Numerical simulation of buoyant mixture flows

Abstract

A ‘mixture model’ for the macroscopic motion of a buoyant suspension is formulated in terms of volume averaged velocities in order to ensure well-posedness of the incompressibility constraint. Conservation laws for mixture volume, momentum and the dispersed phase are complemented by a heuristic closure for the relative motion between the two phases. An efficient hybrid method for numerical simulation of mixture flows in arbitrary two-dimensional and axi-symmetric geometries is presented. The spatial discretisation is based on an h-type finite element method with use of a local, stabilizing upwind finite difference scheme for the advective term. Time-step and incompressibility constraints are decoupled through splitting and pressure-correction methods. The conservation equation for the dispersed phase is treated by a finite volume Roe solver with a slope limiter which ensures second-order accuracy in regions where the volume fraction is varying smoothly. Three separate applications of the code are presented to assess the validity of the various discretisation methods.
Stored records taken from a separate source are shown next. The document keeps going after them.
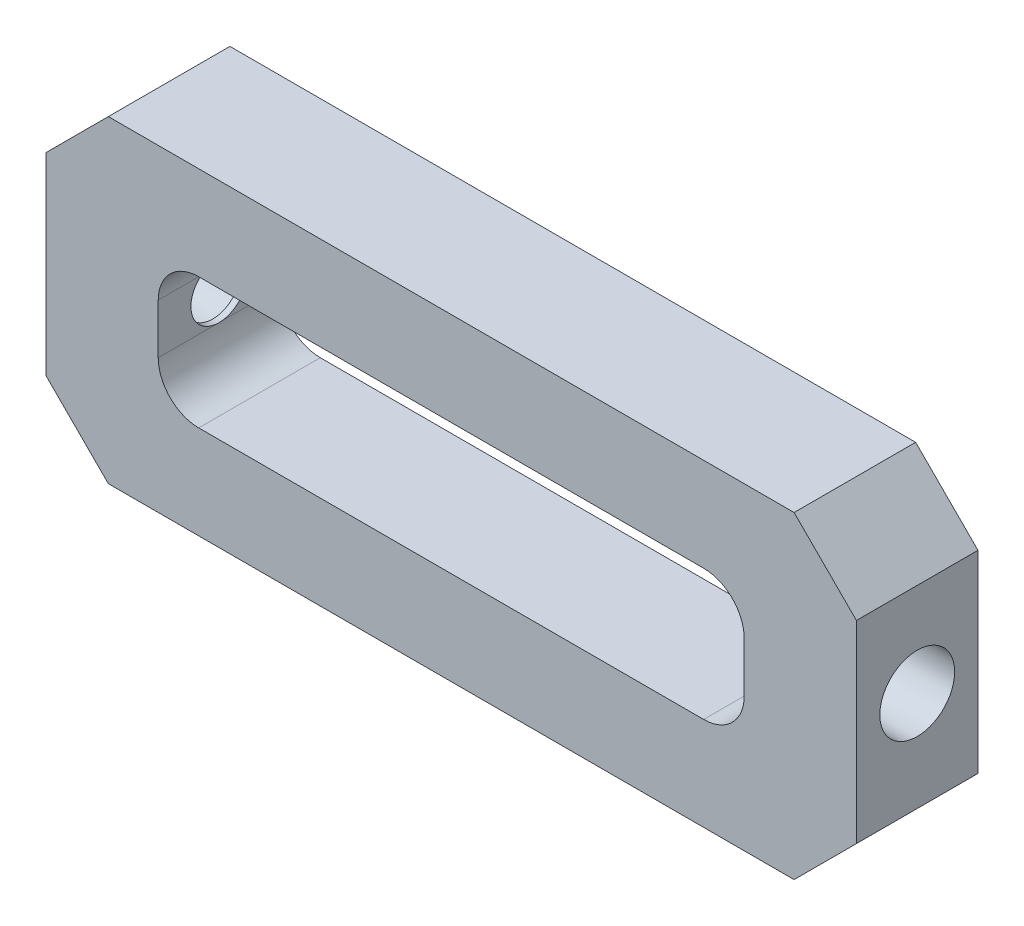
from build123d import *

# Parameters (mm, degrees)
BOSS_EXTRUDE1_DEPTH = 19.5
SKETCH2_R           = 8.5
CUT_EXTRUDE2_DEPTH  = 7
SKETCH3_R           = 4.5
CUT_EXTRUDE3_DEPTH  = 142.000886522
SKETCH5_R           = 6
CUT_EXTRUDE4_DEPTH  = 10
CUT_EXTRUDE5_START  = -10
SKETCH6_R           = 6
CUT_EXTRUDE5_DEPTH  = 10


with BuildPart() as part:
    # Model → Boss-Extrude1 (new body)
    with BuildSketch(Plane.XY):
        Polygon((0, 41), (0, 10), (10, 0), (120, 0), (130, 10), (130, 41), (120, 51), (10, 51), align=None)
        with BuildLine():
            Line((24.5, 15), (105.5, 15))
            ThreePointArc((105.5, 15), (110.096194078, 16.903805922), (112, 21.5))
            Line((112, 21.5), (112, 29.5))
            ThreePointArc((112, 29.5), (110.096194078, 34.096194078), (105.5, 36))
            Line((105.5, 36), (24.5, 36))
            ThreePointArc((24.5, 36), (19.903805922, 34.096194078), (18, 29.5))
            Line((18, 29.5), (18, 21.5))
            ThreePointArc((18, 21.5), (19.903805922, 16.903805922), (24.5, 15))
        make_face(mode=Mode.SUBTRACT)
    extrude(amount=BOSS_EXTRUDE1_DEPTH)

    # Sketch2 → Cut-Extrude2 (cut)
    with BuildSketch(Plane.ZY):
        with Locations((9.75, 26)):
            Circle(SKETCH2_R)
    extrude(amount=-CUT_EXTRUDE2_DEPTH, mode=Mode.SUBTRACT)

    # Sketch3 → Cut-Extrude3 (cut, through all)
    with BuildSketch(Plane.ZY):
        with Locations((9.75, 26)):
            Circle(SKETCH3_R)
    extrude(amount=-CUT_EXTRUDE3_DEPTH, mode=Mode.SUBTRACT)

    # Sketch5 → Cut-Extrude4 (cut)
    with BuildSketch(Plane.ZY.offset(-7)):
        with Locations((9.75, 26)):
            Circle(SKETCH5_R)
    extrude(amount=-CUT_EXTRUDE4_DEPTH, mode=Mode.SUBTRACT)

    # Sketch6 → Cut-Extrude5 (cut)
    with BuildSketch(Plane(origin=(130, 0, 0), x_dir=(0, 0, -1), z_dir=(1, 0, 0)).offset(CUT_EXTRUDE5_START)):
        with Locations(Location((-9.75, 26, 0), (0, 0, 180))):
            Circle(SKETCH6_R)
    extrude(amount=CUT_EXTRUDE5_DEPTH, mode=Mode.SUBTRACT)


solid = part.part

The classical problem of one-dimensional batch separation is revisited and the exact analytic solution is used to evaluate the performance of the finite volume Roe solver. The results of a previous numerical simulation of spin-up from rest of a mixture are shown to be in good agreement with those produced by the current method. A numerical simulation of gravity settling underneath a curved wall (the Boycott effect) is presented for the intermediate parameter regime where both viscous and inertial effects are important. The first three terms of a Blasius series expansion for the velocity field adjacent to the curved wall are provided for comparison with the numerical results. The numerically obtained velocity profile is observed to adjust slowly to the similarity solution. In addition to verifying the global balances obtained from kinematic considerations, the simulations provide new physical insight about the interior flow-field. Notable features are the possibility of pure-fluid entrainment into the mixture region, and a stratification of the horizontal mixture–pure fluid interface due to an oscillatory vortex motion.